Eigenvalue problems in quantum mechanics: Finding the bound-state energy eigenvalues of the one-dimensional Schrödinger equation is also a boundary value problem, with the wave function decaying to zero at both ends. You integrate the wave function from one end with the energy as a parameter and use the shooting method to find the energy at which the value at the other end becomes zero. It is a representative case where eigenvalue search and the shooting method are combined.
Common Misconceptions and Pitfalls
The biggest pitfall is assuming that "because a linear problem hits in two shots, a nonlinear one converges just as fast". The equation y''=c·y handled by this tool is linear in the initial slope s, so the endpoint value y_end(s) is a first-degree function of s and two shots plus one interpolation hit the target exactly. But in a nonlinear boundary value problem y_end(s) becomes a curved function, and a line through two points will not hit it. With a poor initial guess the iteration can oscillate or fail to converge altogether. Keep the linear/nonlinear distinction in mind, and for nonlinear problems run the secant or Newton iteration through to the end.
Next, the oversight that "the shooting method cannot be used on an unstable equation whose initial value integration diverges". For a strongly positive coefficient c, a hyperbolic equation, the solution contains an exponentially growing component. Integrating from one end makes a tiny error in the initial slope blow up explosively through this growing mode, producing huge numbers or overflow at the endpoint. The longer the interval, the worse it gets. In practice this is avoided with "multiple shooting", which splits the interval into several sub-intervals, shoots each separately and joins them at the boundaries. Simple shooting is not a cure-all.

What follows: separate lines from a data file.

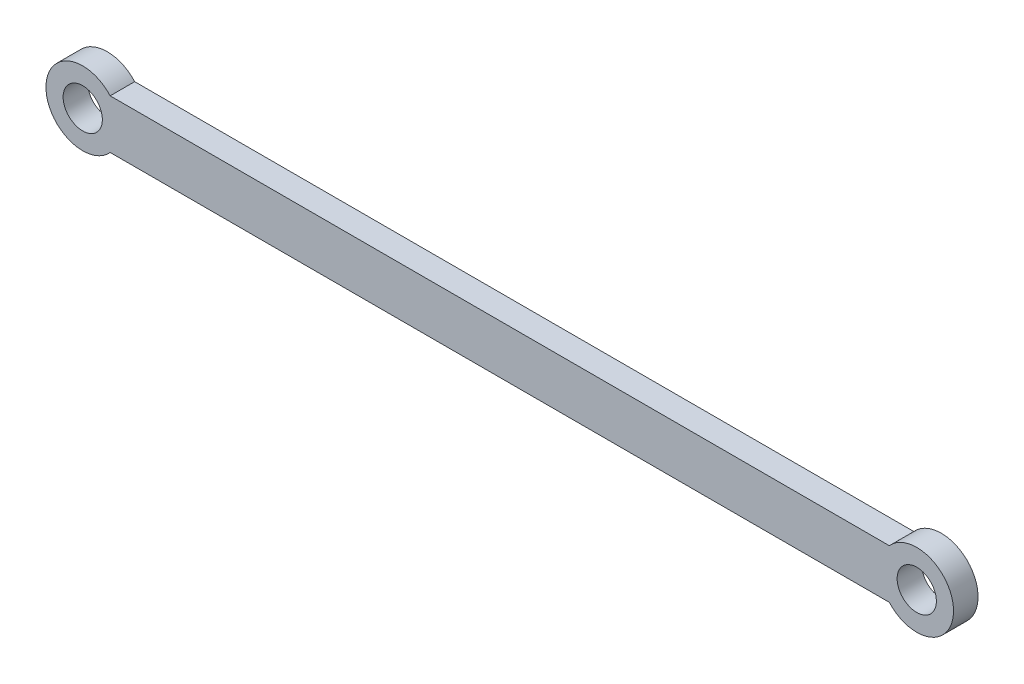
SolidWorks part; units mm, degrees
ref_plane "Piano frontale" through (0, 0, 0) normal (0, 0, 1) x (1, 0, 0)
ref_plane "Piano superiore" through (0, 0, 0) normal (0, 1, 0) x (1, 0, 0)
ref_plane "Piano destro" through (0, 0, 0) normal (1, 0, 0) x (0, 0, -1)
sketch "Schizzo1" plane through (0, 0, 0) normal (0, 0, 1) x (1, 0, 0)
  line L0 (0, 0) -> (4, 0) construction
  line L1 (5.5902, -5) -> (164.4098, -5)
  line L2 (5.5902, 5) -> (164.4098, 5)
  line L3 (0, 5) -> (170, 5) construction
  line L4 (0, -5) -> (170, -5) construction
  line L5 (166, 0) -> (170, 0) construction
  line L6 (0, 0) -> (170, 0) construction
  circle A0 centre (0, 0) radius 4
  circle A1 centre (170, 0) radius 4
  arc A2 (5.5902, 5) -> (5.5902, -5) centre (0, 0) ccw
  arc A3 (164.4098, -5) -> (164.4098, 5) centre (170, 0) ccw
  dimension "D1" = 8
  dimension "D2" = 8
  dimension "D4" = 15
  dimension "D5" = 15
  dimension "D3" = 170
  dimension "D6" = 5
  dimension "D7" = 5
extrude "Estrusione-Estrusione1" add sketch "Schizzo1" along normal blind 5
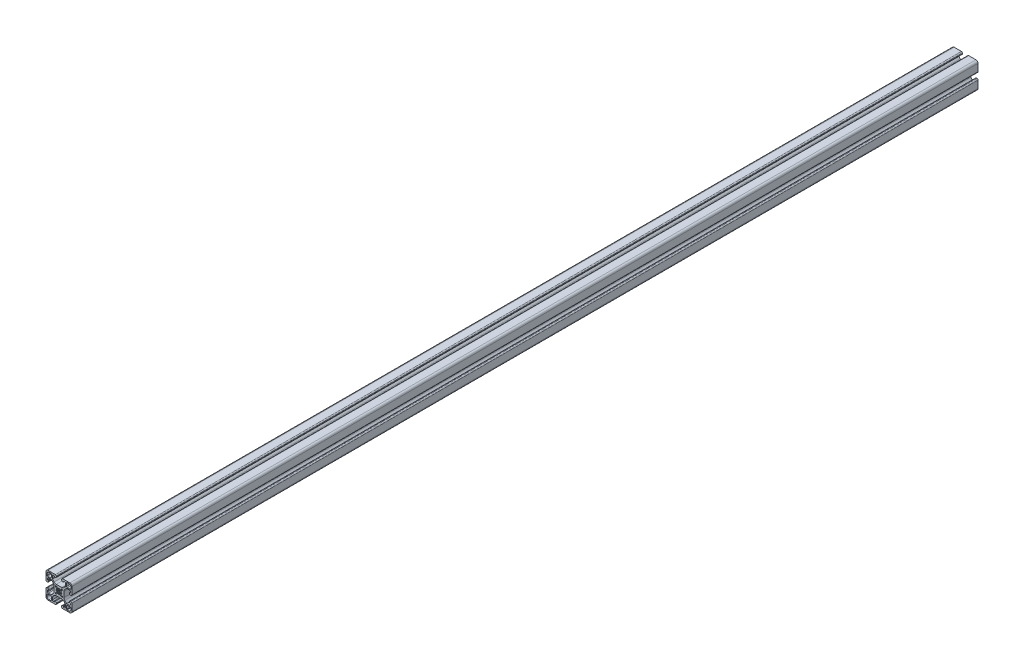
SolidWorks part; units mm, degrees
other "Extrude1"
material "6105-T5 Aluminum"
ref_plane "Front Plane" through (0, 0, 0) normal (0, 0, 1) x (1, 0, 0)
ref_plane "Top Plane" through (0, 0, 0) normal (0, 1, 0) x (1, 0, 0)
ref_plane "Right Plane" through (0, 0, 0) normal (1, 0, 0) x (0, 0, -1)
sketch "Sketch1" plane through (0, 0, 0) normal (0, 0, 1) x (1, 0, 0)
  line L0 (12.4898, -18.345) -> (15.545, -18.345)
  line L1 (11.8598, -13.1298) -> (11.8598, -17.715)
  line L2 (17.715, -11.8598) -> (13.1298, -11.8598)
  line L3 (18.345, -15.545) -> (18.345, -12.4898)
  line L4 (-18.345, -12.4898) -> (-18.345, -15.545)
  line L5 (-13.1298, -11.8598) -> (-17.715, -11.8598)
  line L6 (-11.8598, -17.715) -> (-11.8598, -13.1298)
  line L7 (-15.545, -18.345) -> (-12.4898, -18.345)
  line L8 (18.345, 12.4898) -> (18.345, 15.545)
  line L9 (13.1298, 11.8598) -> (17.715, 11.8598)
  line L10 (11.8598, 17.715) -> (11.8598, 13.1298)
  line L11 (15.545, 18.345) -> (12.4898, 18.345)
  line L12 (-12.4898, 18.345) -> (-15.545, 18.345)
  line L13 (-11.8598, 13.1298) -> (-11.8598, 17.715)
  line L14 (-17.715, 11.8598) -> (-13.1298, 11.8598)
  line L15 (-18.345, 15.545) -> (-18.345, 12.4898)
  line L16 (-5.63, 20) -> (-16.83, 20)
  line L17 (-20, 16.83) -> (-20, 5.63)
  line L18 (-18.43, 4.06) -> (-17.57, 4.06)
  line L19 (-16, 5.63) -> (-16, 6.605)
  line L20 (-16.25, 6.855) -> (-17.25, 6.855)
  line L21 (-17.5, 7.105) -> (-17.5, 9.015)
  line L22 (-16.23, 10.285) -> (-12.2162, 10.285)
  line L23 (-11.5869, 10.0243) -> (-9.0762, 7.5137)
  line L24 (-7.685, 4.1549) -> (-7.685, -4.1549)
  line L25 (-9.0762, -7.5137) -> (-11.5869, -10.0243)
  line L26 (-12.2162, -10.285) -> (-16.23, -10.285)
  line L27 (-17.5, -9.015) -> (-17.5, -7.105)
  line L28 (-17.25, -6.855) -> (-16.25, -6.855)
  line L29 (-16, -6.605) -> (-16, -5.63)
  line L30 (-17.57, -4.06) -> (-18.43, -4.06)
  line L31 (-20, -5.63) -> (-20, -16.83)
  line L32 (-16.83, -20) -> (-5.63, -20)
  line L33 (-4.06, -18.43) -> (-4.06, -17.57)
  line L34 (-5.63, -16) -> (-6.605, -16)
  line L35 (-6.855, -16.25) -> (-6.855, -17.25)
  line L36 (-7.105, -17.5) -> (-9.015, -17.5)
  line L37 (-10.285, -16.23) -> (-10.285, -12.2162)
  line L38 (-10.0243, -11.5869) -> (-7.5137, -9.0762)
  line L39 (-4.1549, -7.685) -> (4.1549, -7.685)
  line L40 (7.5137, -9.0762) -> (10.0243, -11.5869)
  line L41 (10.285, -12.2162) -> (10.285, -16.23)
  line L42 (9.015, -17.5) -> (7.105, -17.5)
  line L43 (6.855, -17.25) -> (6.855, -16.25)
  line L44 (6.605, -16) -> (5.63, -16)
  line L45 (4.06, -17.57) -> (4.06, -18.43)
  line L46 (5.63, -20) -> (16.83, -20)
  line L47 (20, -16.83) -> (20, -5.63)
  line L48 (18.43, -4.06) -> (17.57, -4.06)
  line L49 (16, -5.63) -> (16, -6.605)
  line L50 (16.25, -6.855) -> (17.25, -6.855)
  line L51 (17.5, -7.105) -> (17.5, -9.015)
  line L52 (16.23, -10.285) -> (12.2162, -10.285)
  line L53 (11.5869, -10.0243) -> (9.0762, -7.5137)
  line L54 (7.685, -4.1549) -> (7.685, 4.1549)
  line L55 (9.0762, 7.5137) -> (11.5869, 10.0243)
  line L56 (12.2162, 10.285) -> (16.23, 10.285)
  line L57 (17.5, 9.015) -> (17.5, 7.105)
  line L58 (17.25, 6.855) -> (16.25, 6.855)
  line L59 (16, 6.605) -> (16, 5.63)
  line L60 (17.57, 4.06) -> (18.43, 4.06)
  line L61 (20, 5.63) -> (20, 16.83)
  line L62 (16.83, 20) -> (5.63, 20)
  line L63 (4.06, 18.43) -> (4.06, 17.57)
  line L64 (5.63, 16) -> (6.605, 16)
  line L65 (6.855, 16.25) -> (6.855, 17.25)
  line L66 (7.105, 17.5) -> (9.015, 17.5)
  line L67 (10.285, 16.23) -> (10.285, 12.2162)
  line L68 (10.0243, 11.5869) -> (7.5137, 9.0762)
  line L69 (4.1549, 7.685) -> (-4.1549, 7.685)
  line L70 (-7.5137, 9.0762) -> (-10.0243, 11.5869)
  line L71 (-10.285, 12.2162) -> (-10.285, 16.23)
  line L72 (-9.015, 17.5) -> (-7.105, 17.5)
  line L73 (-6.855, 17.25) -> (-6.855, 16.25)
  line L74 (-6.605, 16) -> (-5.63, 16)
  line L75 (-4.06, 17.57) -> (-4.06, 18.43)
  line L76 (-4.8481, -5.4393) -> (-3.712, -5.1263)
  line L77 (-3.712, -5.1263) -> (-1.5907, -3.0049)
  line L78 (-0.625, -3.3421) -> (-0.4923, -4.0876)
  line L79 (0.4923, -4.0876) -> (0.625, -3.3421)
  line L80 (1.5907, -3.0049) -> (3.712, -5.1263)
  line L81 (3.712, -5.1263) -> (4.8481, -5.4393)
  line L82 (5.4393, -4.8481) -> (5.1263, -3.712)
  line L83 (5.1263, -3.712) -> (3.0049, -1.5907)
  line L84 (3.3421, -0.625) -> (4.0876, -0.4923)
  line L85 (4.0876, 0.4923) -> (3.3421, 0.625)
  line L86 (3.0049, 1.5907) -> (5.1263, 3.712)
  line L87 (5.1263, 3.712) -> (5.4393, 4.8481)
  line L88 (4.8481, 5.4393) -> (3.712, 5.1263)
  line L89 (3.712, 5.1263) -> (1.5907, 3.0049)
  line L90 (0.625, 3.3421) -> (0.4923, 4.0876)
  line L91 (-0.4923, 4.0876) -> (-0.625, 3.3421)
  line L92 (-1.5907, 3.0049) -> (-3.712, 5.1263)
  line L93 (-3.712, 5.1263) -> (-4.8481, 5.4393)
  line L94 (-5.4393, 4.8481) -> (-5.1263, 3.712)
  line L95 (-5.1263, 3.712) -> (-3.0049, 1.5907)
  line L96 (-3.3421, 0.625) -> (-4.0876, 0.4923)
  line L97 (-4.0876, -0.4923) -> (-3.3421, -0.625)
  line L98 (-3.0049, -1.5907) -> (-5.1263, -3.712)
  line L99 (-5.1263, -3.712) -> (-5.4393, -4.8481)
  arc A0 (15.545, -18.345) -> (18.345, -15.545) centre (15.545, -15.545) ccw
  arc A1 (11.8598, -17.715) -> (12.4898, -18.345) centre (12.4898, -17.715) ccw
  arc A2 (13.1298, -11.8598) -> (11.8598, -13.1298) centre (13.1298, -13.1298) ccw
  arc A3 (18.345, -12.4898) -> (17.715, -11.8598) centre (17.715, -12.4898) ccw
  arc A4 (-18.345, -15.545) -> (-15.545, -18.345) centre (-15.545, -15.545) ccw
  arc A5 (-17.715, -11.8598) -> (-18.345, -12.4898) centre (-17.715, -12.4898) ccw
  arc A6 (-11.8598, -13.1298) -> (-13.1298, -11.8598) centre (-13.1298, -13.1298) ccw
  arc A7 (-12.4898, -18.345) -> (-11.8598, -17.715) centre (-12.4898, -17.715) ccw
  arc A8 (18.345, 15.545) -> (15.545, 18.345) centre (15.545, 15.545) ccw
  arc A9 (17.715, 11.8598) -> (18.345, 12.4898) centre (17.715, 12.4898) ccw
  arc A10 (11.8598, 13.1298) -> (13.1298, 11.8598) centre (13.1298, 13.1298) ccw
  arc A11 (12.4898, 18.345) -> (11.8598, 17.715) centre (12.4898, 17.715) ccw
  arc A12 (-15.545, 18.345) -> (-18.345, 15.545) centre (-15.545, 15.545) ccw
  arc A13 (-11.8598, 17.715) -> (-12.4898, 18.345) centre (-12.4898, 17.715) ccw
  arc A14 (-13.1298, 11.8598) -> (-11.8598, 13.1298) centre (-13.1298, 13.1298) ccw
  arc A15 (-18.345, 12.4898) -> (-17.715, 11.8598) centre (-17.715, 12.4898) ccw
  arc A16 (-4.06, 18.43) -> (-5.63, 20) centre (-5.63, 18.43) ccw
  arc A17 (-16.83, 20) -> (-20, 16.83) centre (-16.83, 16.83) ccw
  arc A18 (-20, 5.63) -> (-18.43, 4.06) centre (-18.43, 5.63) ccw
  arc A19 (-17.57, 4.06) -> (-16, 5.63) centre (-17.57, 5.63) ccw
  arc A20 (-16, 6.605) -> (-16.25, 6.855) centre (-16.25, 6.605) ccw
  arc A21 (-17.5, 7.105) -> (-17.25, 6.855) centre (-17.25, 7.105) ccw
  arc A22 (-16.23, 10.285) -> (-17.5, 9.015) centre (-16.23, 9.015) ccw
  arc A23 (-11.5869, 10.0243) -> (-12.2162, 10.285) centre (-12.2162, 9.395) ccw
  arc A24 (-7.685, 4.1549) -> (-9.0762, 7.5137) centre (-12.435, 4.1549) ccw
  arc A25 (-9.0762, -7.5137) -> (-7.685, -4.1549) centre (-12.435, -4.1549) ccw
  arc A26 (-12.2162, -10.285) -> (-11.5869, -10.0243) centre (-12.2162, -9.395) ccw
  arc A27 (-17.5, -9.015) -> (-16.23, -10.285) centre (-16.23, -9.015) ccw
  arc A28 (-17.25, -6.855) -> (-17.5, -7.105) centre (-17.25, -7.105) ccw
  arc A29 (-16.25, -6.855) -> (-16, -6.605) centre (-16.25, -6.605) ccw
  arc A30 (-16, -5.63) -> (-17.57, -4.06) centre (-17.57, -5.63) ccw
  arc A31 (-18.43, -4.06) -> (-20, -5.63) centre (-18.43, -5.63) ccw
  arc A32 (-20, -16.83) -> (-16.83, -20) centre (-16.83, -16.83) ccw
  arc A33 (-5.63, -20) -> (-4.06, -18.43) centre (-5.63, -18.43) ccw
  arc A34 (-4.06, -17.57) -> (-5.63, -16) centre (-5.63, -17.57) ccw
  arc A35 (-6.605, -16) -> (-6.855, -16.25) centre (-6.605, -16.25) ccw
  arc A36 (-7.105, -17.5) -> (-6.855, -17.25) centre (-7.105, -17.25) ccw
  arc A37 (-10.285, -16.23) -> (-9.015, -17.5) centre (-9.015, -16.23) ccw
  arc A38 (-10.0243, -11.5869) -> (-10.285, -12.2162) centre (-9.395, -12.2162) ccw
  arc A39 (-4.1549, -7.685) -> (-7.5137, -9.0762) centre (-4.1549, -12.435) ccw
  arc A40 (7.5137, -9.0762) -> (4.1549, -7.685) centre (4.1549, -12.435) ccw
  arc A41 (10.285, -12.2162) -> (10.0243, -11.5869) centre (9.395, -12.2162) ccw
  arc A42 (9.015, -17.5) -> (10.285, -16.23) centre (9.015, -16.23) ccw
  arc A43 (6.855, -17.25) -> (7.105, -17.5) centre (7.105, -17.25) ccw
  arc A44 (6.855, -16.25) -> (6.605, -16) centre (6.605, -16.25) ccw
  arc A45 (5.63, -16) -> (4.06, -17.57) centre (5.63, -17.57) ccw
  arc A46 (4.06, -18.43) -> (5.63, -20) centre (5.63, -18.43) ccw
  arc A47 (16.83, -20) -> (20, -16.83) centre (16.83, -16.83) ccw
  arc A48 (20, -5.63) -> (18.43, -4.06) centre (18.43, -5.63) ccw
  arc A49 (17.57, -4.06) -> (16, -5.63) centre (17.57, -5.63) ccw
  arc A50 (16, -6.605) -> (16.25, -6.855) centre (16.25, -6.605) ccw
  arc A51 (17.5, -7.105) -> (17.25, -6.855) centre (17.25, -7.105) ccw
  arc A52 (16.23, -10.285) -> (17.5, -9.015) centre (16.23, -9.015) ccw
  arc A53 (11.5869, -10.0243) -> (12.2162, -10.285) centre (12.2162, -9.395) ccw
  arc A54 (7.685, -4.1549) -> (9.0762, -7.5137) centre (12.435, -4.1549) ccw
  arc A55 (9.0762, 7.5137) -> (7.685, 4.1549) centre (12.435, 4.1549) ccw
  arc A56 (12.2162, 10.285) -> (11.5869, 10.0243) centre (12.2162, 9.395) ccw
  arc A57 (17.5, 9.015) -> (16.23, 10.285) centre (16.23, 9.015) ccw
  arc A58 (17.25, 6.855) -> (17.5, 7.105) centre (17.25, 7.105) ccw
  arc A59 (16.25, 6.855) -> (16, 6.605) centre (16.25, 6.605) ccw
  arc A60 (16, 5.63) -> (17.57, 4.06) centre (17.57, 5.63) ccw
  arc A61 (18.43, 4.06) -> (20, 5.63) centre (18.43, 5.63) ccw
  arc A62 (20, 16.83) -> (16.83, 20) centre (16.83, 16.83) ccw
  arc A63 (5.63, 20) -> (4.06, 18.43) centre (5.63, 18.43) ccw
  arc A64 (4.06, 17.57) -> (5.63, 16) centre (5.63, 17.57) ccw
  arc A65 (6.605, 16) -> (6.855, 16.25) centre (6.605, 16.25) ccw
  arc A66 (7.105, 17.5) -> (6.855, 17.25) centre (7.105, 17.25) ccw
  arc A67 (10.285, 16.23) -> (9.015, 17.5) centre (9.015, 16.23) ccw
  arc A68 (10.0243, 11.5869) -> (10.285, 12.2162) centre (9.395, 12.2162) ccw
  arc A69 (4.1549, 7.685) -> (7.5137, 9.0762) centre (4.1549, 12.435) ccw
  arc A70 (-7.5137, 9.0762) -> (-4.1549, 7.685) centre (-4.1549, 12.435) ccw
  arc A71 (-10.285, 12.2162) -> (-10.0243, 11.5869) centre (-9.395, 12.2162) ccw
  arc A72 (-9.015, 17.5) -> (-10.285, 16.23) centre (-9.015, 16.23) ccw
  arc A73 (-6.855, 17.25) -> (-7.105, 17.5) centre (-7.105, 17.25) ccw
  arc A74 (-6.855, 16.25) -> (-6.605, 16) centre (-6.605, 16.25) ccw
  arc A75 (-5.63, 16) -> (-4.06, 17.57) centre (-5.63, 17.57) ccw
  arc A76 (-1.5907, -3.0049) -> (-0.625, -3.3421) centre (0, 0) ccw
  arc A77 (-0.4923, -4.0876) -> (0.4923, -4.0876) centre (0, -4) ccw
  arc A78 (0.625, -3.3421) -> (1.5907, -3.0049) centre (0, 0) ccw
  arc A79 (4.8481, -5.4393) -> (5.4393, -4.8481) centre (4.9497, -4.9497) ccw
  arc A80 (3.0049, -1.5907) -> (3.3421, -0.625) centre (0, 0) ccw
  arc A81 (4.0876, -0.4923) -> (4.0876, 0.4923) centre (4, 0) ccw
  arc A82 (3.3421, 0.625) -> (3.0049, 1.5907) centre (0, 0) ccw
  arc A83 (5.4393, 4.8481) -> (4.8481, 5.4393) centre (4.9497, 4.9497) ccw
  arc A84 (1.5907, 3.0049) -> (0.625, 3.3421) centre (0, 0) ccw
  arc A85 (0.4923, 4.0876) -> (-0.4923, 4.0876) centre (0, 4) ccw
  arc A86 (-0.625, 3.3421) -> (-1.5907, 3.0049) centre (0, 0) ccw
  arc A87 (-4.8481, 5.4393) -> (-5.4393, 4.8481) centre (-4.9497, 4.9497) ccw
  arc A88 (-3.0049, 1.5907) -> (-3.3421, 0.625) centre (0, 0) ccw
  arc A89 (-4.0876, 0.4923) -> (-4.0876, -0.4923) centre (-4, 0) ccw
  arc A90 (-3.3421, -0.625) -> (-3.0049, -1.5907) centre (0, 0) ccw
  arc A91 (-5.4393, -4.8481) -> (-4.8481, -5.4393) centre (-4.9497, -4.9497) ccw
extrude "Extrude1" add sketch "Sketch1" against normal blind 1400

Finally, the misconception that "the accuracy of the shot is determined by the interpolation algorithm alone". The final accuracy of a shooting-method solution depends not only on the interpolation that drives the miss to zero (such as the secant method) but also on the accuracy of the inner initial value problem solver. This tool uses 4th-order Runge-Kutta with about 400 steps, so for a linear problem the endpoint error reaches machine precision. But with too few steps, or with a low-order Euler method, a discretization error remains in the integration itself even if the interpolation is perfect, and the solution can be no better than that accuracy. The shooting method is a two-stage process of "interpolation" and "integration", and only when both are accurate do you get a trustworthy solution.
How to Use
Enter the differential equation coefficient (cNum) and its valid range (cRange) governing the ODE curvature behavior.
Set domain length (lNum in meters) and left boundary condition ylNum, right boundary condition yrNum for your BVP.
Input the lRange and ylRange/yrRange tolerances, then execute iterations; the simulator adjusts the trial slope y'(0) until y(L) converges within endpoint error tolerance.
Worked Example
For a cantilever beam deflection problem: d²y/dx² + 0.5y = 0 with y(0)=0, y(3)=0 (3 meter span, simply supported ends). Initial slope guess y'(0)=1.2 rad. After 6 shots, simulator converges to y'(0)=−0.847 rad, reaching y(3)=0.0012 m (error 0.12%). Mid-point deflection y(1.5)=0.234 m. Convergence achieved in 0.18 seconds.
Practical Notes
Start with coarse lRange tolerance (±0.1) for quick qualitative results; refine to ±0.01 for engineering designs requiring stress verification.
Negative coefficient values (cNum < 0) model growing exponential behavior; watch for divergence requiring tighter ylRange bounds.